Syllabus

Course Objectives

By the end of the course, you will be able to

  • articulate the main assumptions underlying machine learning approaches
  • demonstrate the basic principles of dataset creation
  • articulate the importance of data representations
  • evaluate machine learning algorithms
  • articulate the difference between supervised and unsupervised learning
  • apply a range of supervised and unsupervised learning techniques

Grade Breakdown

Class Participation: 10%

The participation grade is a combination of attendance (including arriving on time); attentiveness, engagement, and participation during class; and general preparedness for class discussions.

Datacamp Assignments: 25%

These projects are hands-on activities designed to both provide coding background and reinforce the concepts covered in class.

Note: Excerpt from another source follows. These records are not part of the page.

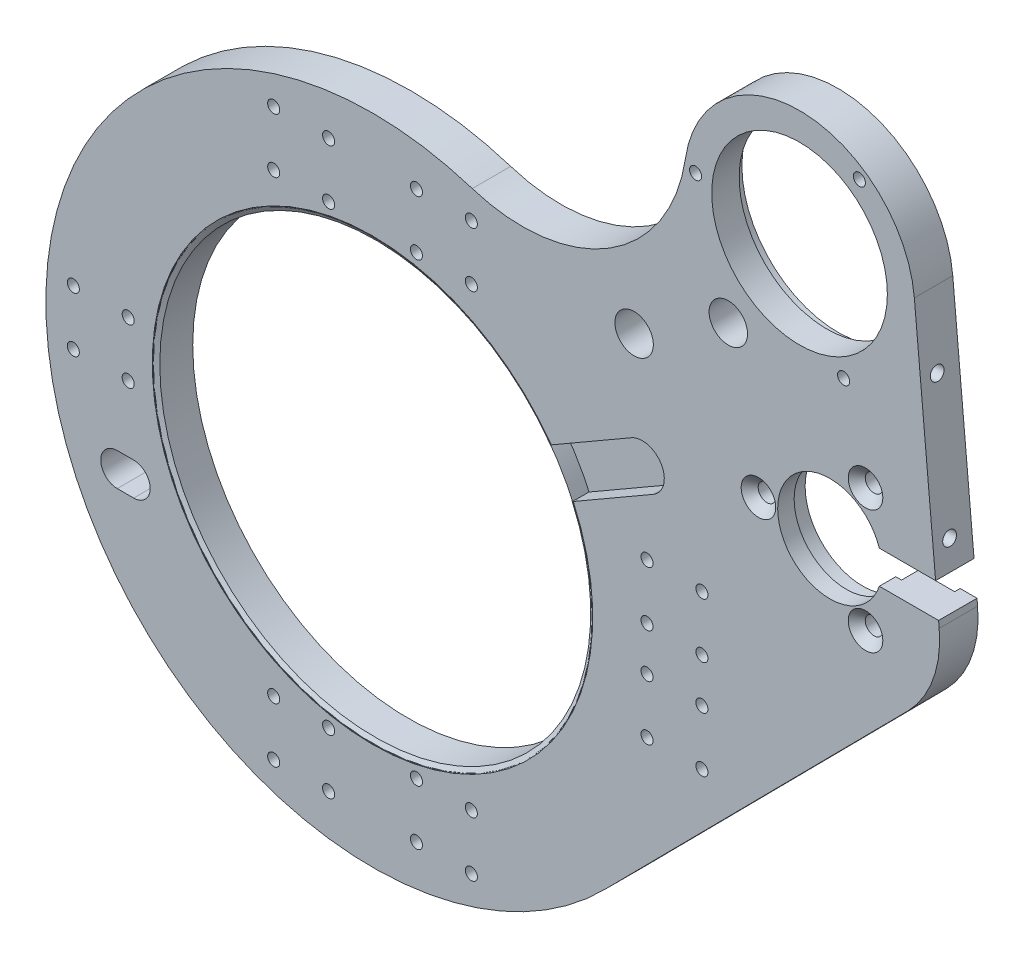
ISO-10303-21;
HEADER;
FILE_DESCRIPTION(('STEP AP214'),'2;1');
FILE_NAME('part.step','',(''),(''),'','','');
FILE_SCHEMA(('AUTOMOTIVE_DESIGN { 1 0 10303 214 1 1 1 1 }'));
ENDSEC;
DATA;
#1=APPLICATION_CONTEXT('core data for automotive mechanical design processes');
#2=APPLICATION_PROTOCOL_DEFINITION('international standard','automotive_design',2000,#1);
#3=PRODUCT_CONTEXT('',#1,'mechanical');
#4=PRODUCT('Part','Part','',(#3));
#5=PRODUCT_RELATED_PRODUCT_CATEGORY('part','',(#4));
#6=PRODUCT_DEFINITION_FORMATION('','',#4);
#7=PRODUCT_DEFINITION_CONTEXT('part definition',#1,'design');
#8=PRODUCT_DEFINITION('design','',#6,#7);
#9=PRODUCT_DEFINITION_SHAPE('','',#8);
#10=(LENGTH_UNIT() NAMED_UNIT(*) SI_UNIT(.MILLI.,.METRE.));
#11=(NAMED_UNIT(*) PLANE_ANGLE_UNIT() SI_UNIT($,.RADIAN.));
#12=(NAMED_UNIT(*) SI_UNIT($,.STERADIAN.) SOLID_ANGLE_UNIT());
#13=UNCERTAINTY_MEASURE_WITH_UNIT(LENGTH_MEASURE(1.E-05),#10,'distance_accuracy_value','');
#14=(GEOMETRIC_REPRESENTATION_CONTEXT(3) GLOBAL_UNCERTAINTY_ASSIGNED_CONTEXT((#13)) GLOBAL_UNIT_ASSIGNED_CONTEXT((#10,
#11,#12)) REPRESENTATION_CONTEXT('',''));
#15=CARTESIAN_POINT('',(0.,0.,0.));
#16=DIRECTION('',(0.,0.,1.));
#17=DIRECTION('',(1.,0.,0.));
#18=AXIS2_PLACEMENT_3D('',#15,#16,#17);
#19=CARTESIAN_POINT('',(99.85529288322,66.87731304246,90.5));
#20=DIRECTION('',(0.995910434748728,0.0903460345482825,0.));
#21=DIRECTION('',(-0.0903460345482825,0.995910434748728,0.));
#22=AXIS2_PLACEMENT_3D('',#19,#20,#21);
#23=CYLINDRICAL_SURFACE('',#22,1.5);
#24=CARTESIAN_POINT('',(95.8716511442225,66.5159289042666,90.5));
#25=DIRECTION('',(0.995910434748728,0.0903460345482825,0.));
#26=DIRECTION('',(-0.0903460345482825,0.995910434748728,0.));
#27=AXIS2_PLACEMENT_3D('',#24,#25,#26);
#28=CIRCLE('',#27,1.5);
#29=CARTESIAN_POINT('',(95.7361320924,68.0097945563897,90.5));
#30=VERTEX_POINT('',#29);
#31=EDGE_CURVE('P0_E20',#30,#30,#28,.T.);
#32=ORIENTED_EDGE('',*,*,#31,.T.);
#33=EDGE_LOOP('',(#32));
#34=FACE_BOUND('',#33,.T.);
#35=CARTESIAN_POINT('',(99.8552928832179,66.8773130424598,90.5));
#36=DIRECTION('',(0.995910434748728,0.0903460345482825,0.));
#37=DIRECTION('',(-0.0903460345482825,0.995910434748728,0.));
#38=AXIS2_PLACEMENT_3D('',#35,#36,#37);
#39=CIRCLE('',#38,1.5);
#40=CARTESIAN_POINT('',(99.7197738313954,68.3711786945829,90.5));
#41=VERTEX_POINT('',#40);
#42=EDGE_CURVE('P0_E11',#41,#41,#39,.F.);
#43=ORIENTED_EDGE('',*,*,#42,.T.);
#44=EDGE_LOOP('',(#43));
#45=FACE_BOUND('',#44,.T.);
#46=ADVANCED_FACE('P0_F16',(#34,#45),#23,.T.);
#47=CARTESIAN_POINT('',(95.87165114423,66.51592890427,90.5));
#48=DIRECTION('',(0.995910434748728,0.0903460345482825,0.));
#49=DIRECTION('',(-0.0903460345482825,0.995910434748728,0.));
#50=AXIS2_PLACEMENT_3D('',#47,#48,#49);
#51=PLANE('',#50);
#52=CARTESIAN_POINT('',(95.9845836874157,65.2710408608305,90.5));
#53=CARTESIAN_POINT('',(95.984565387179,65.2712425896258,90.7386739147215));
#54=CARTESIAN_POINT('',(95.9766545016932,65.3584465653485,90.9601183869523));
#55=CARTESIAN_POINT('',(95.9680716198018,65.4530581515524,91.2003736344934));
#56=CARTESIAN_POINT('',(95.9515065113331,65.6356601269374,91.3838834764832));
#57=CARTESIAN_POINT('',(95.9350086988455,65.817520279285,91.566647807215));
#58=CARTESIAN_POINT('',(95.9132210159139,66.0576922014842,91.6622353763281));
#59=CARTESIAN_POINT('',(95.8932395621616,66.2779535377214,91.7498986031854));
#60=CARTESIAN_POINT('',(95.87165114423,66.51592890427,91.75));
#61=CARTESIAN_POINT('',(95.8501572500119,66.7528623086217,91.7501009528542));
#62=CARTESIAN_POINT('',(95.8300812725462,66.9741656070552,91.6622353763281));
#63=CARTESIAN_POINT('',(95.8083751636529,67.213438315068,91.5672352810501));
#64=CARTESIAN_POINT('',(95.7917957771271,67.3961976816,91.3838834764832));
#65=CARTESIAN_POINT('',(95.775283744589,67.5782145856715,91.2012765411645));
#66=CARTESIAN_POINT('',(95.7666477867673,67.6734112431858,90.9601183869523));
#67=CARTESIAN_POINT('',(95.7587369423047,67.7606147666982,90.7392089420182));
#68=CARTESIAN_POINT('',(95.7587186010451,67.7608169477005,90.5));
#69=B_SPLINE_CURVE_WITH_KNOTS('',2,(#52,#53,#54,#55,#56,#57,#58,#59,#60,#61,#62,#63,#64,#65,#66,
#67,#68),.UNSPECIFIED.,.F.,.F.,(3,2,2,2,2,2,2,2,3),(0.,0.125,0.25,0.375,0.5,0.625,0.75,0.875,
1.),.UNSPECIFIED.);
#70=CARTESIAN_POINT('',(95.9845836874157,65.2710408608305,90.5));
#71=VERTEX_POINT('',#70);
#72=CARTESIAN_POINT('',(95.7587186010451,67.7608169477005,90.5));
#73=VERTEX_POINT('',#72);
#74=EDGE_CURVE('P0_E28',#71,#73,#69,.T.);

Project 1 (Dataset creation): 15%
Due: June 13

Curation and cleaning of a labelled data set that you will use for the supervised and unsupervised learning tasks in project 2 and 3. The dataset can be built from existing data and should be stored in your GitHub repository.

Project 2 (Supervised learning): 15%
Due: June 21

Application of two supervised learning techniques on the dataset you created in Project 1. This assignment should be completed as a Jupyter notebook in your GitHub repository.

Project 3 (Unsupervised learning): 15%
Due: July 1

Application of two unsupervised learning techniques on the dataset you created in Project 1.  This assignment should be completed as a Jupyter notebook in your GitHub repository.

Final Paper: 20%
Due: July 8

A 5–8 page paper describing the work you did in projects 1–3 (your dataset and your supervised and unsupervised experiments). The paper should describe both what you did technically and what you learned from the relative performance of the machine learning approaches you applied to your dataset.  This assignment should be posted as a PDF in your GitHub repository.